• [TASK TO COMPLETE]
Transcribe each line below verbatim; pictures excluded.

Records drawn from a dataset
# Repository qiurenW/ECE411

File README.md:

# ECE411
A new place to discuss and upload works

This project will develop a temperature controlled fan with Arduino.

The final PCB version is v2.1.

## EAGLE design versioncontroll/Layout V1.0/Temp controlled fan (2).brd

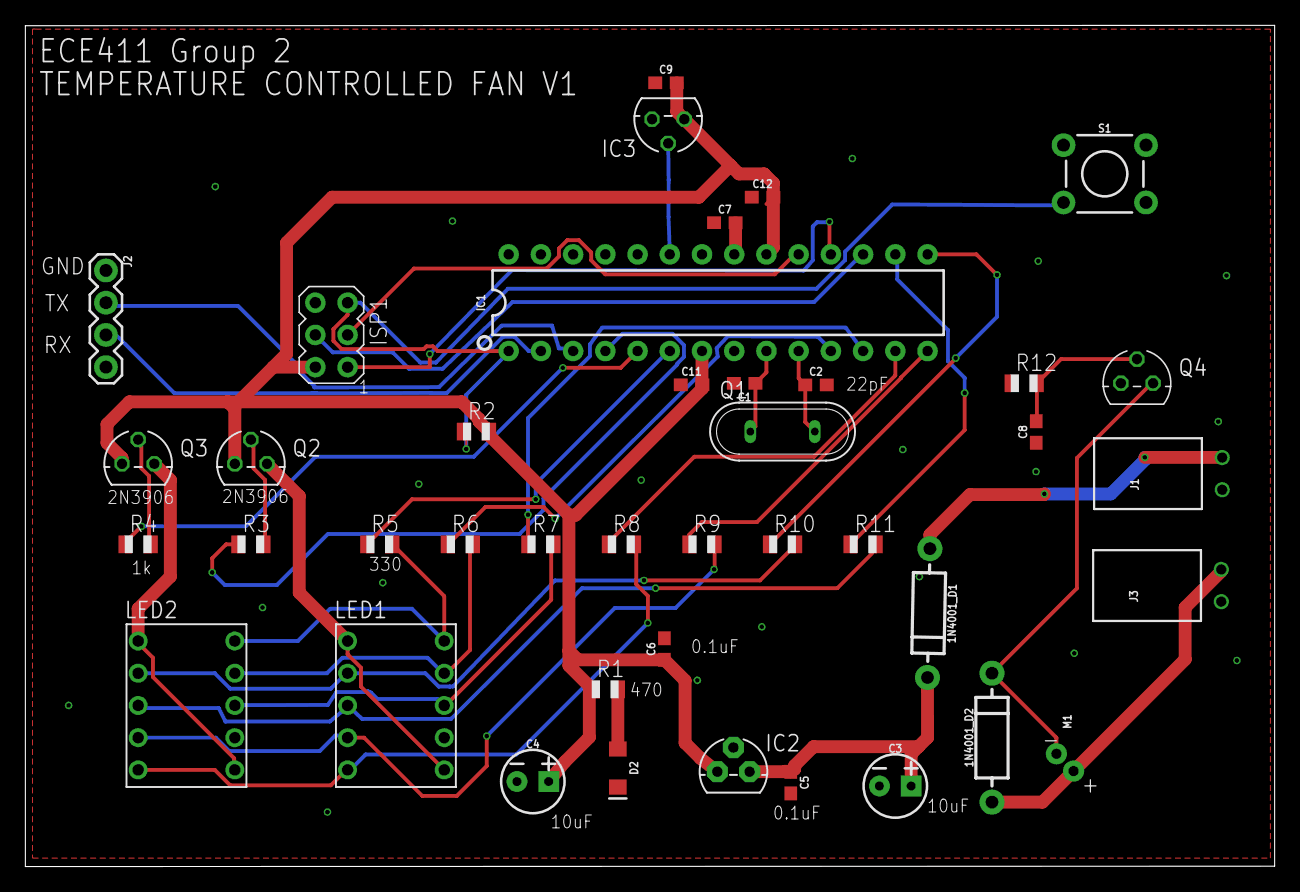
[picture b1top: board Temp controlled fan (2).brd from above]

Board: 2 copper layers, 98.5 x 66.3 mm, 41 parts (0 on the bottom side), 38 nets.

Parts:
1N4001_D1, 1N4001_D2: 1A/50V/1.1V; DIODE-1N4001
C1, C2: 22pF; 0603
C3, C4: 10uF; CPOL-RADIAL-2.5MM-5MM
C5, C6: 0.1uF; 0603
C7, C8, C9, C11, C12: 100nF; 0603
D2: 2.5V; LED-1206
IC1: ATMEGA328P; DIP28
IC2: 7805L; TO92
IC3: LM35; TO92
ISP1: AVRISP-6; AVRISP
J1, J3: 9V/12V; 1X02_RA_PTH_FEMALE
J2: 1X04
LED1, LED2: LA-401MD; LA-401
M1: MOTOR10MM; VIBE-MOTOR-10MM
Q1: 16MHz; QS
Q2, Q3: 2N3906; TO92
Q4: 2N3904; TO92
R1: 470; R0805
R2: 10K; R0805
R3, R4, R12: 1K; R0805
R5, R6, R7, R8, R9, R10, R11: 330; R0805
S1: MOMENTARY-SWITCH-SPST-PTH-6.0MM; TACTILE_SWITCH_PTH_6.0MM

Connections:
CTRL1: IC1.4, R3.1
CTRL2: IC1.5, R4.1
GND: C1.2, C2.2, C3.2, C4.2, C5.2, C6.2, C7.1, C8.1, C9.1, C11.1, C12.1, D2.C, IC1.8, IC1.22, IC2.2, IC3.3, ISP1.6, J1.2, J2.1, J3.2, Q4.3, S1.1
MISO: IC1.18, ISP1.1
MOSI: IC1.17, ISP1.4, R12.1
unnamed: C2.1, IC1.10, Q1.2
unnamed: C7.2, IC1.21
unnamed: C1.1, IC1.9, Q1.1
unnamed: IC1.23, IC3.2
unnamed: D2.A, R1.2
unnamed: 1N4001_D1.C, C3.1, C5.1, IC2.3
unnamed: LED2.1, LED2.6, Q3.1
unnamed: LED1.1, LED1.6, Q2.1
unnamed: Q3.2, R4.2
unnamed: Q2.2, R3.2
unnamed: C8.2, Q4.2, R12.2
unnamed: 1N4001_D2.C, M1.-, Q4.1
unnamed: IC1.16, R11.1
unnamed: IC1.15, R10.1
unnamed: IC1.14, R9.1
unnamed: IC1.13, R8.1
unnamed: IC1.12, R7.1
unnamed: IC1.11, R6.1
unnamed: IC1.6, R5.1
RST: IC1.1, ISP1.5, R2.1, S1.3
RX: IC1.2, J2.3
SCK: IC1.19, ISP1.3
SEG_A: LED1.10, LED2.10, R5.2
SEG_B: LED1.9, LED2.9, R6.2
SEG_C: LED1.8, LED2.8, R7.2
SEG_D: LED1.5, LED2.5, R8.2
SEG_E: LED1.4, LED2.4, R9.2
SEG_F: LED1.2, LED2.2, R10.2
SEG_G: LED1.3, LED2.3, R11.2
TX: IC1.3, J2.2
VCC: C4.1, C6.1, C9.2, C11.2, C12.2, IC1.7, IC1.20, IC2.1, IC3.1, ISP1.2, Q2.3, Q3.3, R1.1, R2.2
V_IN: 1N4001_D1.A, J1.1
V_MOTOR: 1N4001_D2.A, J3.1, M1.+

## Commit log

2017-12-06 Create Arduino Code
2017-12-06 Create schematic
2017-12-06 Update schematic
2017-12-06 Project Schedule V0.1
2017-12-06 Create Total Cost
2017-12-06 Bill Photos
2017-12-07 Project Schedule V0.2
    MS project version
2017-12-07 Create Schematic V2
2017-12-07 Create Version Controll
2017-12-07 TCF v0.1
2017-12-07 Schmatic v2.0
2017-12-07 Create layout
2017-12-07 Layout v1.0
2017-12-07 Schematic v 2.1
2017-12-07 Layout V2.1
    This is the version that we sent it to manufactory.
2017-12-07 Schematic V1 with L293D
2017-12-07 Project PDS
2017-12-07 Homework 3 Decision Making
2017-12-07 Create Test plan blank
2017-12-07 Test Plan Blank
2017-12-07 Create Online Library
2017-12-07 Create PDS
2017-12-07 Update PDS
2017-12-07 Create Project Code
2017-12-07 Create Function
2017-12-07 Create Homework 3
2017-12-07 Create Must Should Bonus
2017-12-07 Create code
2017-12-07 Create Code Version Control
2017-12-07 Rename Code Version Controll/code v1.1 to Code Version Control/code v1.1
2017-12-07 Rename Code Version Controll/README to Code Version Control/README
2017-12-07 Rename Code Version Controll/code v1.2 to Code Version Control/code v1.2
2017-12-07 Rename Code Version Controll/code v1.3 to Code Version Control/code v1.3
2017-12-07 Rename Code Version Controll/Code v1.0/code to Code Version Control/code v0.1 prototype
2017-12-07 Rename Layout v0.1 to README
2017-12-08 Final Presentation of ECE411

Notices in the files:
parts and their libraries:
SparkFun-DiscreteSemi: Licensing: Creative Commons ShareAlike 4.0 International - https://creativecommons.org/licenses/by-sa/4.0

• [OUTPUT OF THE TASK]
# Repository qiurenW/ECE411

File README.md:

# ECE411
A new place to discuss and upload works

This project will develop a temperature controlled fan with Arduino.

The final PCB version is v2.1.

## EAGLE design versioncontroll/Layout V1.0/Temp controlled fan (2).brd

[picture b1top: board Temp controlled fan (2).brd from above]

Board: 2 copper layers, 98.5 x 66.3 mm, 41 parts (0 on the bottom side), 38 nets.

Parts:
1N4001_D1, 1N4001_D2: 1A/50V/1.1V; DIODE-1N4001
C1, C2: 22pF; 0603
C3, C4: 10uF; CPOL-RADIAL-2.5MM-5MM
C5, C6: 0.1uF; 0603
C7, C8, C9, C11, C12: 100nF; 0603
D2: 2.5V; LED-1206
IC1: ATMEGA328P; DIP28
IC2: 7805L; TO92
IC3: LM35; TO92
ISP1: AVRISP-6; AVRISP
J1, J3: 9V/12V; 1X02_RA_PTH_FEMALE
J2: 1X04
LED1, LED2: LA-401MD; LA-401
M1: MOTOR10MM; VIBE-MOTOR-10MM
Q1: 16MHz; QS
Q2, Q3: 2N3906; TO92
Q4: 2N3904; TO92
R1: 470; R0805
R2: 10K; R0805
R3, R4, R12: 1K; R0805
R5, R6, R7, R8, R9, R10, R11: 330; R0805
S1: MOMENTARY-SWITCH-SPST-PTH-6.0MM; TACTILE_SWITCH_PTH_6.0MM

Connections:
CTRL1: IC1.4, R3.1
CTRL2: IC1.5, R4.1
GND: C1.2, C2.2, C3.2, C4.2, C5.2, C6.2, C7.1, C8.1, C9.1, C11.1, C12.1, D2.C, IC1.8, IC1.22, IC2.2, IC3.3, ISP1.6, J1.2, J2.1, J3.2, Q4.3, S1.1
MISO: IC1.18, ISP1.1
MOSI: IC1.17, ISP1.4, R12.1
unnamed: C2.1, IC1.10, Q1.2
unnamed: C7.2, IC1.21
unnamed: C1.1, IC1.9, Q1.1
unnamed: IC1.23, IC3.2
unnamed: D2.A, R1.2
unnamed: 1N4001_D1.C, C3.1, C5.1, IC2.3
unnamed: LED2.1, LED2.6, Q3.1
unnamed: LED1.1, LED1.6, Q2.1
unnamed: Q3.2, R4.2
unnamed: Q2.2, R3.2
unnamed: C8.2, Q4.2, R12.2
unnamed: 1N4001_D2.C, M1.-, Q4.1
unnamed: IC1.16, R11.1
unnamed: IC1.15, R10.1
unnamed: IC1.14, R9.1
unnamed: IC1.13, R8.1
unnamed: IC1.12, R7.1
unnamed: IC1.11, R6.1
unnamed: IC1.6, R5.1
RST: IC1.1, ISP1.5, R2.1, S1.3
RX: IC1.2, J2.3
SCK: IC1.19, ISP1.3
SEG_A: LED1.10, LED2.10, R5.2
SEG_B: LED1.9, LED2.9, R6.2
SEG_C: LED1.8, LED2.8, R7.2
SEG_D: LED1.5, LED2.5, R8.2
SEG_E: LED1.4, LED2.4, R9.2
SEG_F: LED1.2, LED2.2, R10.2
SEG_G: LED1.3, LED2.3, R11.2
TX: IC1.3, J2.2
VCC: C4.1, C6.1, C9.2, C11.2, C12.2, IC1.7, IC1.20, IC2.1, IC3.1, ISP1.2, Q2.3, Q3.3, R1.1, R2.2
V_IN: 1N4001_D1.A, J1.1
V_MOTOR: 1N4001_D2.A, J3.1, M1.+

## Commit log

2017-12-06 Create Arduino Code
2017-12-06 Create schematic
2017-12-06 Update schematic
2017-12-06 Project Schedule V0.1
2017-12-06 Create Total Cost
2017-12-06 Bill Photos
2017-12-07 Project Schedule V0.2
    MS project version
2017-12-07 Create Schematic V2
2017-12-07 Create Version Controll
2017-12-07 TCF v0.1
2017-12-07 Schmatic v2.0
2017-12-07 Create layout
2017-12-07 Layout v1.0
2017-12-07 Schematic v 2.1
2017-12-07 Layout V2.1
    This is the version that we sent it to manufactory.
2017-12-07 Schematic V1 with L293D
2017-12-07 Project PDS
2017-12-07 Homework 3 Decision Making
2017-12-07 Create Test plan blank
2017-12-07 Test Plan Blank
2017-12-07 Create Online Library
2017-12-07 Create PDS
2017-12-07 Update PDS
2017-12-07 Create Project Code
2017-12-07 Create Function
2017-12-07 Create Homework 3
2017-12-07 Create Must Should Bonus
2017-12-07 Create code
2017-12-07 Create Code Version Control
2017-12-07 Rename Code Version Controll/code v1.1 to Code Version Control/code v1.1
2017-12-07 Rename Code Version Controll/README to Code Version Control/README
2017-12-07 Rename Code Version Controll/code v1.2 to Code Version Control/code v1.2
2017-12-07 Rename Code Version Controll/code v1.3 to Code Version Control/code v1.3
2017-12-07 Rename Code Version Controll/Code v1.0/code to Code Version Control/code v0.1 prototype
2017-12-07 Rename Layout v0.1 to README
2017-12-08 Final Presentation of ECE411

Notices in the files:
parts and their libraries:
SparkFun-DiscreteSemi: Licensing: Creative Commons ShareAlike 4.0 International - https://creativecommons.org/licenses/by-sa/4.0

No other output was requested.